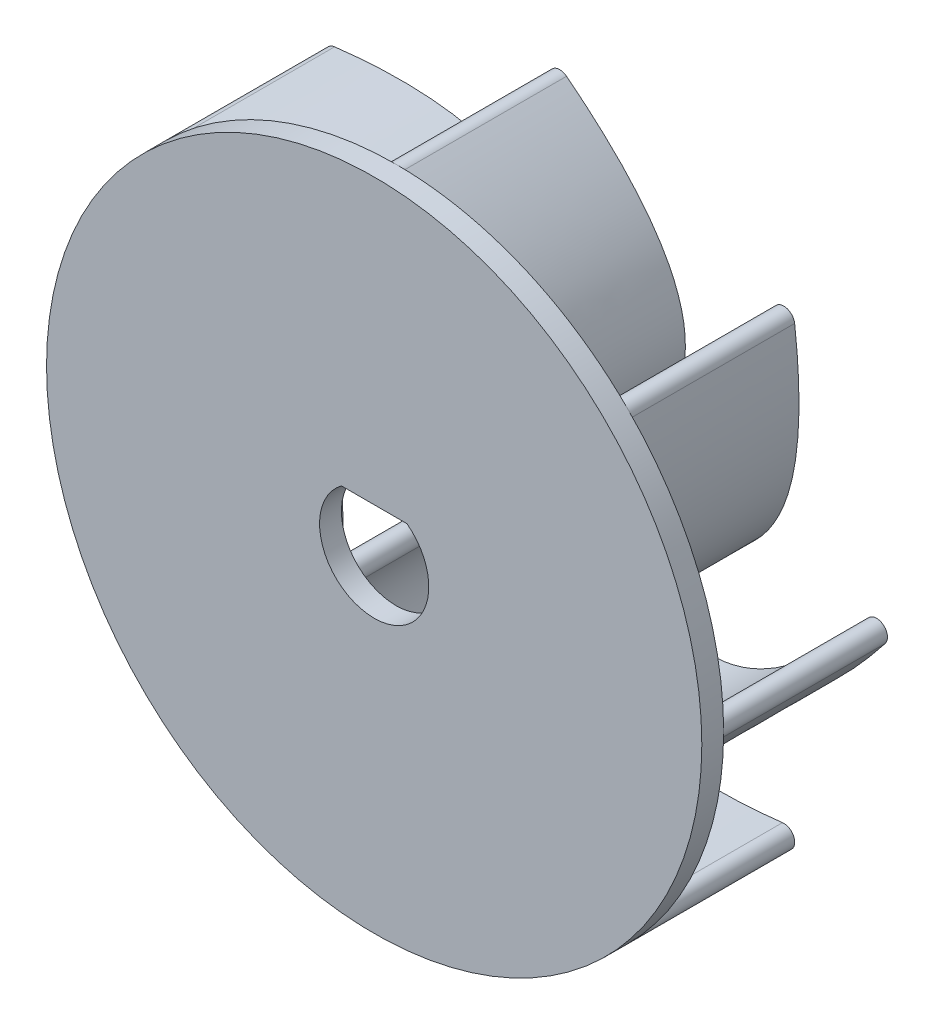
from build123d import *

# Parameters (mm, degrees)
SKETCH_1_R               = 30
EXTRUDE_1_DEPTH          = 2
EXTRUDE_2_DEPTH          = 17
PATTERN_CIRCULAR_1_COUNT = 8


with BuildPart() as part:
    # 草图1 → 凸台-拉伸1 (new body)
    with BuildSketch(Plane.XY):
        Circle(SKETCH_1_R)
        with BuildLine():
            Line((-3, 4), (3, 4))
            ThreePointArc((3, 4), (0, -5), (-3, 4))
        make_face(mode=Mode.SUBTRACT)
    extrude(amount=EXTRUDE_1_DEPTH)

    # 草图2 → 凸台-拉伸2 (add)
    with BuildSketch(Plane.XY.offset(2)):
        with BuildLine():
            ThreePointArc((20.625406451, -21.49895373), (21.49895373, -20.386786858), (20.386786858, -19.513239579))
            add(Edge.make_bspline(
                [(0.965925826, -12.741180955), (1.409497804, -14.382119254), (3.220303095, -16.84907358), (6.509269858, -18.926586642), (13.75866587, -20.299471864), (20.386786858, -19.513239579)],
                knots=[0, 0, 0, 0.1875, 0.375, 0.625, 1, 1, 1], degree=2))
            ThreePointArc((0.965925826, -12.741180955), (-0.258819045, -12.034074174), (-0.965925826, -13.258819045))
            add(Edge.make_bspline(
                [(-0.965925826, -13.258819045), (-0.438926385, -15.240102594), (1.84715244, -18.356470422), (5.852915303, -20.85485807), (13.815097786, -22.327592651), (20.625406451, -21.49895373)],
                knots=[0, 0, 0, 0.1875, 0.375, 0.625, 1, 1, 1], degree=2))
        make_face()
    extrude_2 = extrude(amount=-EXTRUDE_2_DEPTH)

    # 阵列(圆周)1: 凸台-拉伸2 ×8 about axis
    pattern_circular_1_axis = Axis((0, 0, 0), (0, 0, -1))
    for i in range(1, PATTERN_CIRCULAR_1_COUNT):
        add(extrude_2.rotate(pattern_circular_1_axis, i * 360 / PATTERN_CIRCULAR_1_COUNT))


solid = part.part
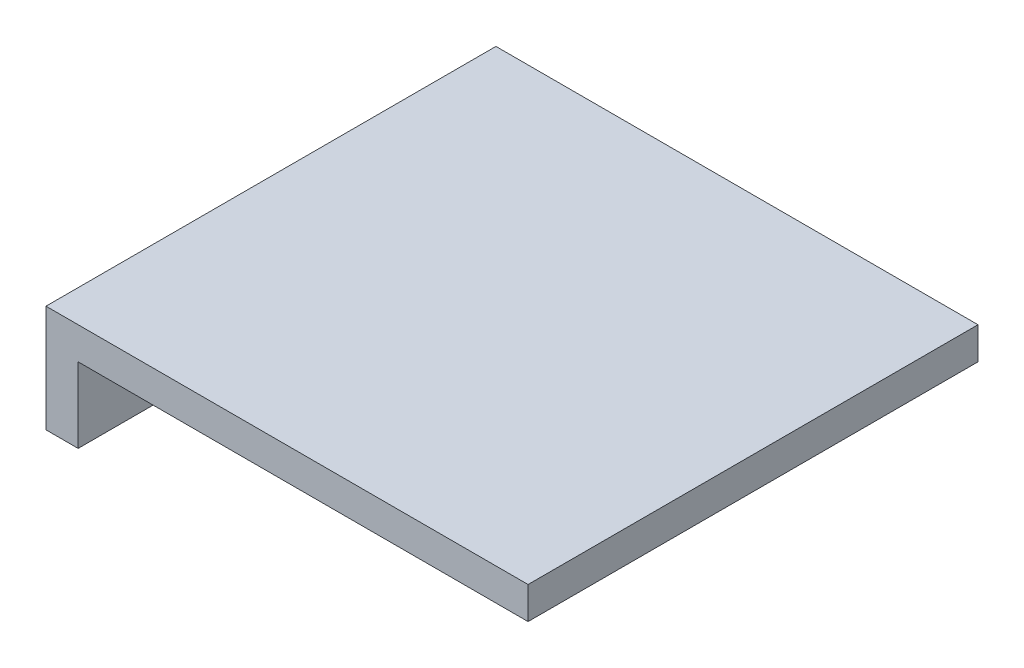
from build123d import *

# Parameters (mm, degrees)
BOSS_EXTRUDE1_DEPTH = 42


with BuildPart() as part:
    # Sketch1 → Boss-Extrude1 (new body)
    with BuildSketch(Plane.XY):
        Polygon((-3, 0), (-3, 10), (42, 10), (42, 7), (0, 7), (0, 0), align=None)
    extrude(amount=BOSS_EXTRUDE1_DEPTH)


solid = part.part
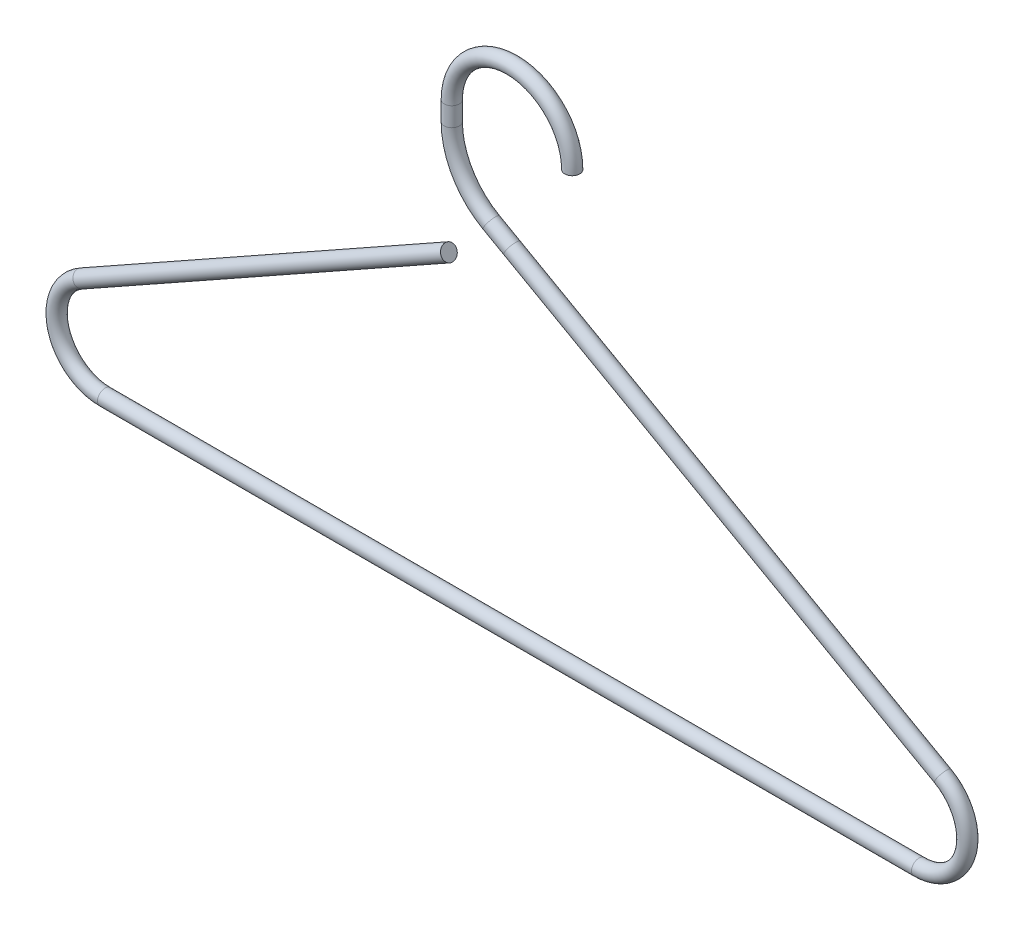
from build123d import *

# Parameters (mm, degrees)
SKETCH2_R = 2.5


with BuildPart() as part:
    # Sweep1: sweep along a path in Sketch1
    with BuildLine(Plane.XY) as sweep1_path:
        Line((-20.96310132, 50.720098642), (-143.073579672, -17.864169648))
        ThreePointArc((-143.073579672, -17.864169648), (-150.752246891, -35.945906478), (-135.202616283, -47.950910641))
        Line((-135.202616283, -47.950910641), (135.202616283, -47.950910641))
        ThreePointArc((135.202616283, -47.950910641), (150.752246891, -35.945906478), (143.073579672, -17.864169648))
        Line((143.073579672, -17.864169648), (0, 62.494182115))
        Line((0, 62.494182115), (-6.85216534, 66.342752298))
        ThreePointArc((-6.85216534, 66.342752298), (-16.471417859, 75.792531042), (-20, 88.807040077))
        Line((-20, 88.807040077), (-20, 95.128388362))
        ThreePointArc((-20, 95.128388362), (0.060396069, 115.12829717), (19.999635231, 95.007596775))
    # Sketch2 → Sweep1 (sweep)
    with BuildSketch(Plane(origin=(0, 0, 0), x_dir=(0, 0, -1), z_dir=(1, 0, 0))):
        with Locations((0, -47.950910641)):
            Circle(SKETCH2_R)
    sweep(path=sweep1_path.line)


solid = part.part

■ What is required: Send back exactly the lines of the listing above starting at the one with "75.792531042), (-20, 88.807040077))" and ending at the one with "Line((-20, 88.807040077), (-20, 95.128388362))", inclusive, and no others.

■ Written solution:
        ThreePointArc((-6.85216534, 66.342752298), (-16.471417859, 75.792531042), (-20, 88.807040077))
        Line((-20, 88.807040077), (-20, 95.128388362))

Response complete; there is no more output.